→ **What the task requires**: Write out every record below exactly as given. Leave the pictures out.

[Records from a dataset]

◇ ◇ ◇

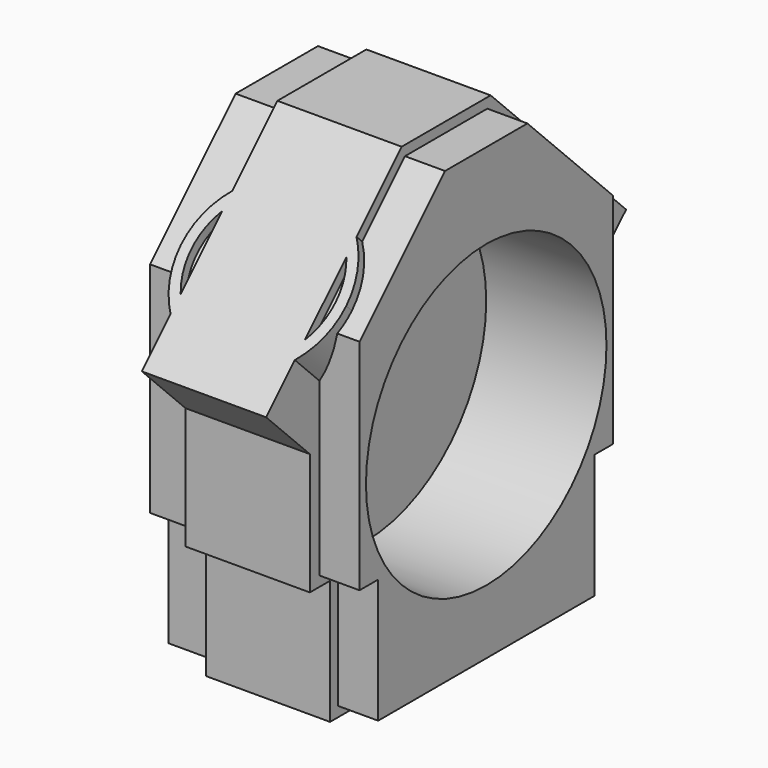
from build123d import *

# Parameters (mm, degrees)
F0_R     = 15
F1_DEPTH = 124
F3_DEPTH = 40
F4_R     = 15
F5_DEPTH = 45
F7_DEPTH = 100
F8_R     = 150
F8_R_2   = 15
F9_DEPTH = 120


with BuildPart() as f1:
    # F0 (on Right) → F1 (new body)
    with BuildSketch(Plane.YZ):
        Polygon((-55.507882, 234.50625), (-150.260191, 139.753941), (-224.506403, 65.507729), (-170, 11.001326), (-170, -110.50625), (-144.782609, -110.50625), (-144.782609, -234.50625), (144.782609, -234.50625), (144.782609, -110.50625), (170, -110.50625), (170, 11.001326), (224.506403, 65.507729), (150.260191, 139.753941), (55.507882, 234.50625), align=None)
        with Locations((0, -10.50625)):
            Circle(F0_R, mode=Mode.SUBTRACT)
    extrude(amount=F1_DEPTH)

    # F2 (on face) → F3 (join)
    with BuildSketch(Plane.YZ.offset(124)):
        Polygon((0, 224.50625), (-51.3657463763, 224.50625), (-158, 117.8719963763), (-158, -100.50625), (-134.782609, -100.50625), (-134.782609, -224.50625), (0, -224.50625), (134.782609, -224.50625), (134.782609, -100.50625), (158, -100.50625), (158, 117.8719963763), (51.3657463763, 224.50625), align=None)
        with BuildLine():
            ThreePointArc((15, -10.50625), (-10.6066017178, -21.1128517178), (0, 4.49375))
            ThreePointArc((0, 4.49375), (10.6066017178, 0.1003517178), (15, -10.50625))
        make_face(mode=Mode.SUBTRACT)
    extrude(amount=F3_DEPTH)

    # F4 (on face) → F5 (join)
    with BuildSketch(Plane(origin=(0, 0, 0), x_dir=(0, -1, 0), z_dir=(-1, 0, 0))):
        Polygon((134.782609, -100.50625), (158, -100.50625), (158, 117.8719963763), (51.3657463763, 224.50625), (0, 224.50625), (-51.3657463763, 224.50625), (-158, 117.8719963763), (-158, -100.50625), (-134.782609, -100.50625), (-134.782609, -224.50625), (0, -224.50625), (134.782609, -224.50625), align=None)
        with Locations((0, -10.50625)):
            Circle(F4_R, mode=Mode.SUBTRACT)
    extrude(amount=F5_DEPTH)

    # F6 (on face) → F7 (join)
    with BuildSketch(Plane(origin=(0, -145.007066, 145.007066), x_dir=(1, 0, 0), z_dir=(0, -0.7071067812, 0.7071067812))):
        with BuildLine():
            ThreePointArc((124, -61.8555966032), (139.2050840295, -36.5086726323), (144.5, -7.4290405851))
            ThreePointArc((144.5, -7.4290405851), (139.2050840295, 21.6505914621), (124, 46.9975154331))
            Line((124, 46.9975154331), (124, 29.1769698504))
            ThreePointArc((124, 29.1769698504), (131.4550214167, 11.5446253759), (134, -7.4290405851))
            ThreePointArc((134, -7.4290405851), (131.4550214167, -26.4027065461), (124, -44.0350510205))
            Line((124, -44.0350510205), (124, -61.8555966032))
        make_face()
        with BuildLine():
            ThreePointArc((0, -61.8555966032), (62, -89.9290405851), (124, -61.8555966032))
            Line((124, -61.8555966032), (124, -44.0350510205))
            ThreePointArc((124, -44.0350510205), (62, -79.4290405851), (0, -44.0350510205))
            Line((0, -44.0350510205), (0, -61.8555966033))
        make_face()
        with BuildLine():
            Line((0, 29.1769698504), (0, 46.9975154331))
            ThreePointArc((0, 46.9975154331), (-20.5, -7.4290405851), (0, -61.8555966032))
            Line((0, -61.8555966033), (0, -44.0350510205))
            ThreePointArc((0, -44.0350510205), (-10, -7.4290405851), (0, 29.1769698504))
        make_face()
    extrude(amount=-F7_DEPTH)

    # F8 (on face) → F9 (cut)
    with BuildSketch(Plane.YZ.offset(164)):
        with Locations((0, -10.50625)):
            Circle(F8_R)
        with Locations((0, -10.50625)):
            Circle(F8_R_2, mode=Mode.SUBTRACT)
    extrude(amount=-F9_DEPTH, mode=Mode.SUBTRACT)


solid = f1.part

◇ ◇ ◇

→ **Response below**:
from build123d import *

# Parameters (mm, degrees)
F0_R     = 15
F1_DEPTH = 124
F3_DEPTH = 40
F4_R     = 15
F5_DEPTH = 45
F7_DEPTH = 100
F8_R     = 150
F8_R_2   = 15
F9_DEPTH = 120


with BuildPart() as f1:
    # F0 (on Right) → F1 (new body)
    with BuildSketch(Plane.YZ):
        Polygon((-55.507882, 234.50625), (-150.260191, 139.753941), (-224.506403, 65.507729), (-170, 11.001326), (-170, -110.50625), (-144.782609, -110.50625), (-144.782609, -234.50625), (144.782609, -234.50625), (144.782609, -110.50625), (170, -110.50625), (170, 11.001326), (224.506403, 65.507729), (150.260191, 139.753941), (55.507882, 234.50625), align=None)
        with Locations((0, -10.50625)):
            Circle(F0_R, mode=Mode.SUBTRACT)
    extrude(amount=F1_DEPTH)

    # F2 (on face) → F3 (join)
    with BuildSketch(Plane.YZ.offset(124)):
        Polygon((0, 224.50625), (-51.3657463763, 224.50625), (-158, 117.8719963763), (-158, -100.50625), (-134.782609, -100.50625), (-134.782609, -224.50625), (0, -224.50625), (134.782609, -224.50625), (134.782609, -100.50625), (158, -100.50625), (158, 117.8719963763), (51.3657463763, 224.50625), align=None)
        with BuildLine():
            ThreePointArc((15, -10.50625), (-10.6066017178, -21.1128517178), (0, 4.49375))
            ThreePointArc((0, 4.49375), (10.6066017178, 0.1003517178), (15, -10.50625))
        make_face(mode=Mode.SUBTRACT)
    extrude(amount=F3_DEPTH)

    # F4 (on face) → F5 (join)
    with BuildSketch(Plane(origin=(0, 0, 0), x_dir=(0, -1, 0), z_dir=(-1, 0, 0))):
        Polygon((134.782609, -100.50625), (158, -100.50625), (158, 117.8719963763), (51.3657463763, 224.50625), (0, 224.50625), (-51.3657463763, 224.50625), (-158, 117.8719963763), (-158, -100.50625), (-134.782609, -100.50625), (-134.782609, -224.50625), (0, -224.50625), (134.782609, -224.50625), align=None)
        with Locations((0, -10.50625)):
            Circle(F4_R, mode=Mode.SUBTRACT)
    extrude(amount=F5_DEPTH)

    # F6 (on face) → F7 (join)
    with BuildSketch(Plane(origin=(0, -145.007066, 145.007066), x_dir=(1, 0, 0), z_dir=(0, -0.7071067812, 0.7071067812))):
        with BuildLine():
            ThreePointArc((124, -61.8555966032), (139.2050840295, -36.5086726323), (144.5, -7.4290405851))
            ThreePointArc((144.5, -7.4290405851), (139.2050840295, 21.6505914621), (124, 46.9975154331))
            Line((124, 46.9975154331), (124, 29.1769698504))
            ThreePointArc((124, 29.1769698504), (131.4550214167, 11.5446253759), (134, -7.4290405851))
            ThreePointArc((134, -7.4290405851), (131.4550214167, -26.4027065461), (124, -44.0350510205))
            Line((124, -44.0350510205), (124, -61.8555966032))
        make_face()
        with BuildLine():
            ThreePointArc((0, -61.8555966032), (62, -89.9290405851), (124, -61.8555966032))
            Line((124, -61.8555966032), (124, -44.0350510205))
            ThreePointArc((124, -44.0350510205), (62, -79.4290405851), (0, -44.0350510205))
            Line((0, -44.0350510205), (0, -61.8555966033))
        make_face()
        with BuildLine():
            Line((0, 29.1769698504), (0, 46.9975154331))
            ThreePointArc((0, 46.9975154331), (-20.5, -7.4290405851), (0, -61.8555966032))
            Line((0, -61.8555966033), (0, -44.0350510205))
            ThreePointArc((0, -44.0350510205), (-10, -7.4290405851), (0, 29.1769698504))
        make_face()
    extrude(amount=-F7_DEPTH)

    # F8 (on face) → F9 (cut)
    with BuildSketch(Plane.YZ.offset(164)):
        with Locations((0, -10.50625)):
            Circle(F8_R)
        with Locations((0, -10.50625)):
            Circle(F8_R_2, mode=Mode.SUBTRACT)
    extrude(amount=-F9_DEPTH, mode=Mode.SUBTRACT)


solid = f1.part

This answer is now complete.